If starting a trade career is starting to sound appealing, but you aren’t quite sure, it’s worth remembering that no career has to be life-long.
“Trades are solid work, but I would remind people that the average number of jobs people have is 12,” Ross said. “So, over the course of our lifetime, we’re probably going to have 12 different jobs that are going to look a lot different. So, I would always encourage someone who’s going to decide to do a trade, consider perhaps taking some classes in the evening or during the day when they’re not working so they can go ahead and get that degree. Perhaps later in life, they may want to change directions and then they’re well prepared to do that.”
The other side of the coin can also be true: perhaps you’ve started down a different career path and found it wasn’t what you thought it would be. If you feel like the life of a trade worker is calling to you, it’s not too late to make that change.

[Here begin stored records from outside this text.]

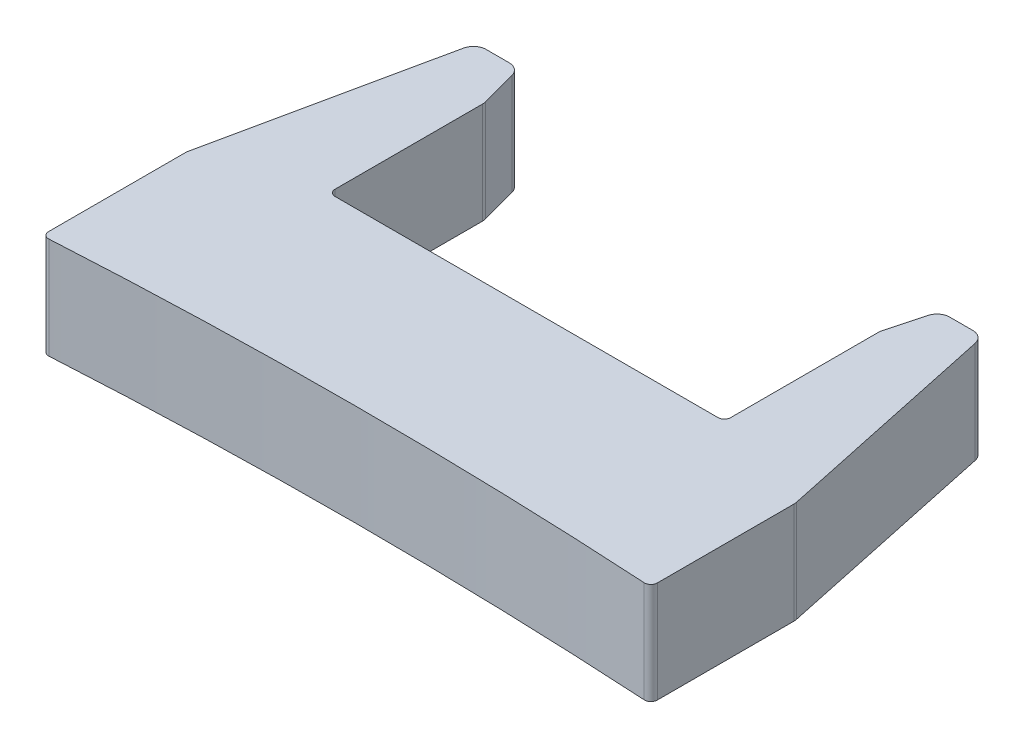
ISO-10303-21;
HEADER;
FILE_DESCRIPTION(('STEP AP214'),'2;1');
FILE_NAME('part.step','',(''),(''),'','','');
FILE_SCHEMA(('AUTOMOTIVE_DESIGN { 1 0 10303 214 1 1 1 1 }'));
ENDSEC;
DATA;
#1=APPLICATION_CONTEXT('core data for automotive mechanical design processes');
#2=APPLICATION_PROTOCOL_DEFINITION('international standard','automotive_design',2000,#1);
#3=PRODUCT_CONTEXT('',#1,'mechanical');
#4=PRODUCT('Part','Part','',(#3));
#5=PRODUCT_RELATED_PRODUCT_CATEGORY('part','',(#4));
#6=PRODUCT_DEFINITION_FORMATION('','',#4);
#7=PRODUCT_DEFINITION_CONTEXT('part definition',#1,'design');
#8=PRODUCT_DEFINITION('design','',#6,#7);
#9=PRODUCT_DEFINITION_SHAPE('','',#8);
#10=(LENGTH_UNIT() NAMED_UNIT(*) SI_UNIT(.MILLI.,.METRE.));
#11=(NAMED_UNIT(*) PLANE_ANGLE_UNIT() SI_UNIT($,.RADIAN.));
#12=(NAMED_UNIT(*) SI_UNIT($,.STERADIAN.) SOLID_ANGLE_UNIT());
#13=UNCERTAINTY_MEASURE_WITH_UNIT(LENGTH_MEASURE(1.E-05),#10,'distance_accuracy_value','');
#14=(GEOMETRIC_REPRESENTATION_CONTEXT(3) GLOBAL_UNCERTAINTY_ASSIGNED_CONTEXT((#13)) GLOBAL_UNIT_ASSIGNED_CONTEXT((#10,
#11,#12)) REPRESENTATION_CONTEXT('',''));
#15=CARTESIAN_POINT('',(0.,0.,0.));
#16=DIRECTION('',(0.,0.,1.));
#17=DIRECTION('',(1.,0.,0.));
#18=AXIS2_PLACEMENT_3D('',#15,#16,#17);
#19=CARTESIAN_POINT('',(-20.,4.,0.));
#20=DIRECTION('',(0.,0.,1.));
#21=DIRECTION('',(1.,0.,0.));
#22=AXIS2_PLACEMENT_3D('',#19,#20,#21);
#23=PLANE('',#22);
#24=CARTESIAN_POINT('',(0.,0.,0.));
#25=DIRECTION('',(0.,0.,-1.));
#26=DIRECTION('',(-1.,0.,0.));
#27=AXIS2_PLACEMENT_3D('',#24,#25,#26);
#28=CIRCLE('',#27,2.49999999999999);
#29=CARTESIAN_POINT('',(-2.49999999999999,0.,0.));
#30=VERTEX_POINT('',#29);
#31=EDGE_CURVE('E221',#30,#30,#28,.T.);
#32=ORIENTED_EDGE('',*,*,#31,.F.);
#33=EDGE_LOOP('',(#32));
#34=FACE_BOUND('',#33,.T.);
#35=DIRECTION('',(-1.,0.,0.));
#36=VECTOR('',#35,1.);
#37=CARTESIAN_POINT('',(-20.,-4.,0.));
#38=LINE('',#37,#36);
#39=CARTESIAN_POINT('',(15.1,-4.,0.));
#40=VERTEX_POINT('',#39);
#41=CARTESIAN_POINT('',(-15.1,-4.,0.));
#42=VERTEX_POINT('',#41);
#43=EDGE_CURVE('E263',#40,#42,#38,.T.);
#44=ORIENTED_EDGE('',*,*,#43,.T.);
#45=DIRECTION('',(0.,1.,0.));
#46=VECTOR('',#45,1.);
#47=CARTESIAN_POINT('',(-15.1,4.,0.));
#48=LINE('',#47,#46);
#49=CARTESIAN_POINT('',(-15.1,4.,0.));
#50=VERTEX_POINT('',#49);
#51=EDGE_CURVE('E385',#42,#50,#48,.T.);
#52=ORIENTED_EDGE('',*,*,#51,.T.);
#53=DIRECTION('',(-1.,0.,0.));
#54=VECTOR('',#53,1.);
#55=CARTESIAN_POINT('',(0.,4.,0.));
#56=LINE('',#55,#54);
#57=CARTESIAN_POINT('',(15.1,4.,0.));
#58=VERTEX_POINT('',#57);
#59=EDGE_CURVE('E269',#58,#50,#56,.T.);
#60=ORIENTED_EDGE('',*,*,#59,.F.);
#61=DIRECTION('',(0.,1.,0.));
#62=VECTOR('',#61,1.);
#63=CARTESIAN_POINT('',(15.1,4.,0.));
#64=LINE('',#63,#62);
#65=EDGE_CURVE('E383',#58,#40,#64,.F.);
#66=ORIENTED_EDGE('',*,*,#65,.T.);
#67=EDGE_LOOP('',(#44,#52,#60,#66));
#68=FACE_BOUND('',#67,.T.);
#69=ADVANCED_FACE('F48',(#34,#68),#23,.F.);
#70=CARTESIAN_POINT('',(-24.,4.,2.8));
#71=DIRECTION('',(1.,0.,0.));
#72=DIRECTION('',(0.,0.,-1.));
#73=AXIS2_PLACEMENT_3D('',#70,#71,#72);
#74=PLANE('',#73);
#75=DIRECTION('',(0.,0.,1.));
#76=VECTOR('',#75,1.);
#77=CARTESIAN_POINT('',(-24.,-4.,2.8));
#78=LINE('',#77,#76);
#79=CARTESIAN_POINT('',(-24.,-4.,2.90520551069358));
#80=VERTEX_POINT('',#79);
#81=CARTESIAN_POINT('',(-24.,-4.,13.6900451464471));
#82=VERTEX_POINT('',#81);
#83=EDGE_CURVE('E290',#80,#82,#78,.T.);
#84=ORIENTED_EDGE('',*,*,#83,.T.);
#85=DIRECTION('',(0.,-1.,0.));
#86=VECTOR('',#85,1.);
#87=CARTESIAN_POINT('',(-24.,4.,13.6900451464471));
#88=LINE('',#87,#86);
#89=CARTESIAN_POINT('',(-24.,4.,13.6900451464471));
#90=VERTEX_POINT('',#89);
#91=EDGE_CURVE('E399',#82,#90,#88,.F.);
#92=ORIENTED_EDGE('',*,*,#91,.T.);
#93=DIRECTION('',(0.,0.,1.));
#94=VECTOR('',#93,1.);
#95=CARTESIAN_POINT('',(-24.,4.,2.8));
#96=LINE('',#95,#94);
#97=CARTESIAN_POINT('',(-24.,4.,2.90520551069358));
#98=VERTEX_POINT('',#97);
#99=EDGE_CURVE('E273',#98,#90,#96,.T.);
#100=ORIENTED_EDGE('',*,*,#99,.F.);
#101=DIRECTION('',(0.,-1.,0.));
#102=VECTOR('',#101,1.);
#103=CARTESIAN_POINT('',(-24.,-4.,2.90520551069358));
#104=LINE('',#103,#102);
#105=EDGE_CURVE('E356',#98,#80,#104,.T.);
#106=ORIENTED_EDGE('',*,*,#105,.T.);
#107=EDGE_LOOP('',(#84,#92,#100,#106));
#108=FACE_BOUND('',#107,.T.);
#109=ADVANCED_FACE('F479',(#108),#74,.F.);
#110=CARTESIAN_POINT('',(0.,4.,413.5));
#111=DIRECTION('',(0.,-1.,0.));
#112=DIRECTION('',(0.,0.,-1.));
#113=AXIS2_PLACEMENT_3D('',#110,#111,#112);
#114=CYLINDRICAL_SURFACE('',#113,400.);
#115=CARTESIAN_POINT('',(0.,4.,413.5));
#116=DIRECTION('',(0.,-1.,0.));
#117=DIRECTION('',(0.,0.,-1.));
#118=AXIS2_PLACEMENT_3D('',#115,#116,#117);
#119=CIRCLE('',#118,400.);
#120=CARTESIAN_POINT('',(-23.4706616729089,4.,14.1891836668636));
#121=VERTEX_POINT('',#120);
#122=CARTESIAN_POINT('',(23.4706616729089,4.,14.1891836668636));
#123=VERTEX_POINT('',#122);
#124=EDGE_CURVE('E278',#121,#123,#119,.T.);
#125=ORIENTED_EDGE('',*,*,#124,.F.);
#126=DIRECTION('',(0.,-1.,0.));
#127=VECTOR('',#126,1.);
#128=CARTESIAN_POINT('',(-23.4706616729089,4.,14.1891836668636));
#129=LINE('',#128,#127);
#130=CARTESIAN_POINT('',(-23.4706616729089,-4.,14.1891836668636));
#131=VERTEX_POINT('',#130);
#132=EDGE_CURVE('E392',#121,#131,#129,.T.);
#133=ORIENTED_EDGE('',*,*,#132,.T.);
#134=CARTESIAN_POINT('',(0.,-4.,413.5));
#135=DIRECTION('',(0.,-1.,0.));
#136=DIRECTION('',(0.,0.,-1.));
#137=AXIS2_PLACEMENT_3D('',#134,#135,#136);
#138=CIRCLE('',#137,400.);
#139=CARTESIAN_POINT('',(23.4706616729089,-4.,14.1891836668636));
#140=VERTEX_POINT('',#139);
#141=EDGE_CURVE('E293',#131,#140,#138,.T.);
#142=ORIENTED_EDGE('',*,*,#141,.T.);
#143=DIRECTION('',(0.,-1.,0.));
#144=VECTOR('',#143,1.);
#145=CARTESIAN_POINT('',(23.4706616729089,4.,14.1891836668636));
#146=LINE('',#145,#144);
#147=EDGE_CURVE('E390',#140,#123,#146,.F.);
#148=ORIENTED_EDGE('',*,*,#147,.T.);
#149=EDGE_LOOP('',(#125,#133,#142,#148));
#150=FACE_BOUND('',#149,.T.);
#151=ADVANCED_FACE('F485',(#150),#114,.F.);
#152=CARTESIAN_POINT('',(24.,4.,2.8));
#153=DIRECTION('',(-1.,0.,0.));
#154=DIRECTION('',(0.,0.,1.));
#155=AXIS2_PLACEMENT_3D('',#152,#153,#154);
#156=PLANE('',#155);
#157=DIRECTION('',(0.,0.,-1.));
#158=VECTOR('',#157,1.);
#159=CARTESIAN_POINT('',(24.,4.,2.8));
#160=LINE('',#159,#158);
#161=CARTESIAN_POINT('',(24.,4.,13.6900451464471));
#162=VERTEX_POINT('',#161);
#163=CARTESIAN_POINT('',(24.,4.,2.90520551069359));
#164=VERTEX_POINT('',#163);
#165=EDGE_CURVE('E284',#162,#164,#160,.T.);
#166=ORIENTED_EDGE('',*,*,#165,.F.);
#167=DIRECTION('',(0.,-1.,0.));
#168=VECTOR('',#167,1.);
#169=CARTESIAN_POINT('',(24.,4.,13.6900451464471));
#170=LINE('',#169,#168);
#171=CARTESIAN_POINT('',(24.,-4.,13.6900451464471));
#172=VERTEX_POINT('',#171);
#173=EDGE_CURVE('E403',#162,#172,#170,.T.);
#174=ORIENTED_EDGE('',*,*,#173,.T.);
#175=DIRECTION('',(0.,0.,-1.));
#176=VECTOR('',#175,1.);
#177=CARTESIAN_POINT('',(24.,-4.,2.8));
#178=LINE('',#177,#176);
#179=CARTESIAN_POINT('',(24.,-4.,2.90520551069359));
#180=VERTEX_POINT('',#179);
#181=EDGE_CURVE('E274',#172,#180,#178,.T.);
#182=ORIENTED_EDGE('',*,*,#181,.T.);
#183=DIRECTION('',(0.,-1.,0.));
#184=VECTOR('',#183,1.);
#185=CARTESIAN_POINT('',(24.,4.,2.90520551069359));
#186=LINE('',#185,#184);
#187=EDGE_CURVE('E353',#180,#164,#186,.F.);
#188=ORIENTED_EDGE('',*,*,#187,.T.);
#189=EDGE_LOOP('',(#166,#174,#182,#188));
#190=FACE_BOUND('',#189,.T.);
#191=ADVANCED_FACE('F711',(#190),#156,.F.);
#192=CARTESIAN_POINT('',(0.,4.,413.5));
#193=DIRECTION('',(0.,-1.,0.));
#194=DIRECTION('',(0.,0.,-1.));
#195=AXIS2_PLACEMENT_3D('',#192,#193,#194);
#196=PLANE('',#195);
#197=ORIENTED_EDGE('',*,*,#99,.T.);
#198=CARTESIAN_POINT('',(-23.5,4.,13.6900451464471));
#199=DIRECTION('',(0.,-1.,0.));
#200=DIRECTION('',(0.,0.,-1.));
#201=AXIS2_PLACEMENT_3D('',#198,#199,#200);
#202=CIRCLE('',#201,0.5);
#203=EDGE_CURVE('E402',#90,#121,#202,.F.);
#204=ORIENTED_EDGE('',*,*,#203,.T.);
#205=ORIENTED_EDGE('',*,*,#124,.T.);
#206=CARTESIAN_POINT('',(23.5,4.,13.6900451464471));
#207=DIRECTION('',(0.,-1.,0.));
#208=DIRECTION('',(0.,0.,-1.));
#209=AXIS2_PLACEMENT_3D('',#206,#207,#208);
#210=CIRCLE('',#209,0.5);
#211=EDGE_CURVE('E63',#123,#162,#210,.F.);
#212=ORIENTED_EDGE('',*,*,#211,.T.);
#213=ORIENTED_EDGE('',*,*,#165,.T.);
#214=CARTESIAN_POINT('',(23.,4.,2.90520551069359));
#215=DIRECTION('',(0.,-1.,0.));
#216=DIRECTION('',(0.,0.,-1.));
#217=AXIS2_PLACEMENT_3D('',#214,#215,#216);
#218=CIRCLE('',#217,1.);
#219=CARTESIAN_POINT('',(23.9781059289848,4.,2.69709786622873));
#220=VERTEX_POINT('',#219);
#221=EDGE_CURVE('E326',#164,#220,#218,.F.);
#222=ORIENTED_EDGE('',*,*,#221,.T.);
#223=DIRECTION('',(-0.208107644464859,0.,-0.978105928984835));
#224=VECTOR('',#223,1.);
#225=CARTESIAN_POINT('',(20.,4.,-16.));
#226=LINE('',#225,#224);
#227=CARTESIAN_POINT('',(20.1684877352202,4.,-15.2081076444649));
#228=VERTEX_POINT('',#227);
#229=EDGE_CURVE('E220',#220,#228,#226,.T.);
#230=ORIENTED_EDGE('',*,*,#229,.T.);
#231=CARTESIAN_POINT('',(19.1903818062354,4.,-15.));
#232=DIRECTION('',(0.,-1.,0.));
#233=DIRECTION('',(0.,0.,-1.));
#234=AXIS2_PLACEMENT_3D('',#231,#232,#233);
#235=CIRCLE('',#234,1.);
#236=CARTESIAN_POINT('',(19.1903818062354,4.,-16.));
#237=VERTEX_POINT('',#236);
#238=EDGE_CURVE('E328',#228,#237,#235,.F.);
#239=ORIENTED_EDGE('',*,*,#238,.T.);
#240=DIRECTION('',(-1.,0.,0.));
#241=VECTOR('',#240,1.);
#242=CARTESIAN_POINT('',(20.,4.,-16.));
#243=LINE('',#242,#241);
#244=CARTESIAN_POINT('',(17.367326987979,4.,-16.));
#245=VERTEX_POINT('',#244);
#246=EDGE_CURVE('E224',#237,#245,#243,.T.);
#247=ORIENTED_EDGE('',*,*,#246,.T.);
#248=CARTESIAN_POINT('',(17.367326987979,4.,-15.));
#249=DIRECTION('',(0.,-1.,0.));
#250=DIRECTION('',(0.,0.,-1.));
#251=AXIS2_PLACEMENT_3D('',#248,#249,#250);
#252=CIRCLE('',#251,1.);
#253=CARTESIAN_POINT('',(16.4014011616899,4.,-15.2588190451025));
#254=VERTEX_POINT('',#253);
#255=EDGE_CURVE('E320',#245,#254,#252,.F.);
#256=ORIENTED_EDGE('',*,*,#255,.T.);
#257=DIRECTION('',(0.258819045102521,0.,-0.965925826289068));
#258=VECTOR('',#257,1.);
#259=CARTESIAN_POINT('',(16.6,4.,-16.));
#260=LINE('',#259,#258);
#261=CARTESIAN_POINT('',(15.6340741737109,4.,-12.3951157399463));
#262=VERTEX_POINT('',#261);
#263=EDGE_CURVE('E299',#254,#262,#260,.F.);
#264=ORIENTED_EDGE('',*,*,#263,.T.);
#265=CARTESIAN_POINT('',(16.6,4.,-12.1362966948437));
#266=DIRECTION('',(0.,-1.,0.));
#267=DIRECTION('',(0.,0.,-1.));
#268=AXIS2_PLACEMENT_3D('',#265,#266,#267);
#269=CIRCLE('',#268,1.);
#270=CARTESIAN_POINT('',(15.6,4.,-12.1362966948437));
#271=VERTEX_POINT('',#270);
#272=EDGE_CURVE('E318',#262,#271,#269,.F.);
#273=ORIENTED_EDGE('',*,*,#272,.T.);
#274=DIRECTION('',(0.,0.,1.));
#275=VECTOR('',#274,1.);
#276=CARTESIAN_POINT('',(15.6,4.,-16.));
#277=LINE('',#276,#275);
#278=CARTESIAN_POINT('',(15.6,4.,-0.5));
#279=VERTEX_POINT('',#278);
#280=EDGE_CURVE('E229',#271,#279,#277,.T.);
#281=ORIENTED_EDGE('',*,*,#280,.T.);
#282=CARTESIAN_POINT('',(15.1,4.,-0.5));
#283=DIRECTION('',(0.,-1.,0.));
#284=DIRECTION('',(0.,0.,-1.));
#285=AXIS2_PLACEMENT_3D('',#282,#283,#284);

Though there are far more organizations and programs in Arkansas dedicated to recruiting and training tradesmen than are listed here, the great shortage of workers is proof that more needs to be done.
“I think you’re going to see a push for more public-private partnerships, that is, government, private sector and educational institutions working together. That would help all of us understand our needs, and we can design programs specifically for industry requirements,” Ross said. “I think Arkansas is doing a really good job in supporting workforce development, but I would love to see more financial incentives for businesses that are participating in workforce development programs. Any grants or tax credits to encourage more investment in training and hiring local talent would help keep people in the River Valley.”
“The bottom line is, we’ve got to do this in order to give our kids and our grandkids the level of opportunity they deserve and the level of opportunity that is required to continue to be competitive on a global scale,” Zook said. “We’re in a global contest for economic development. And the countries, communities, states and the people who prepare and make the right kinds of choices are the ones that are going to prevail. And we want to make sure that’s us.”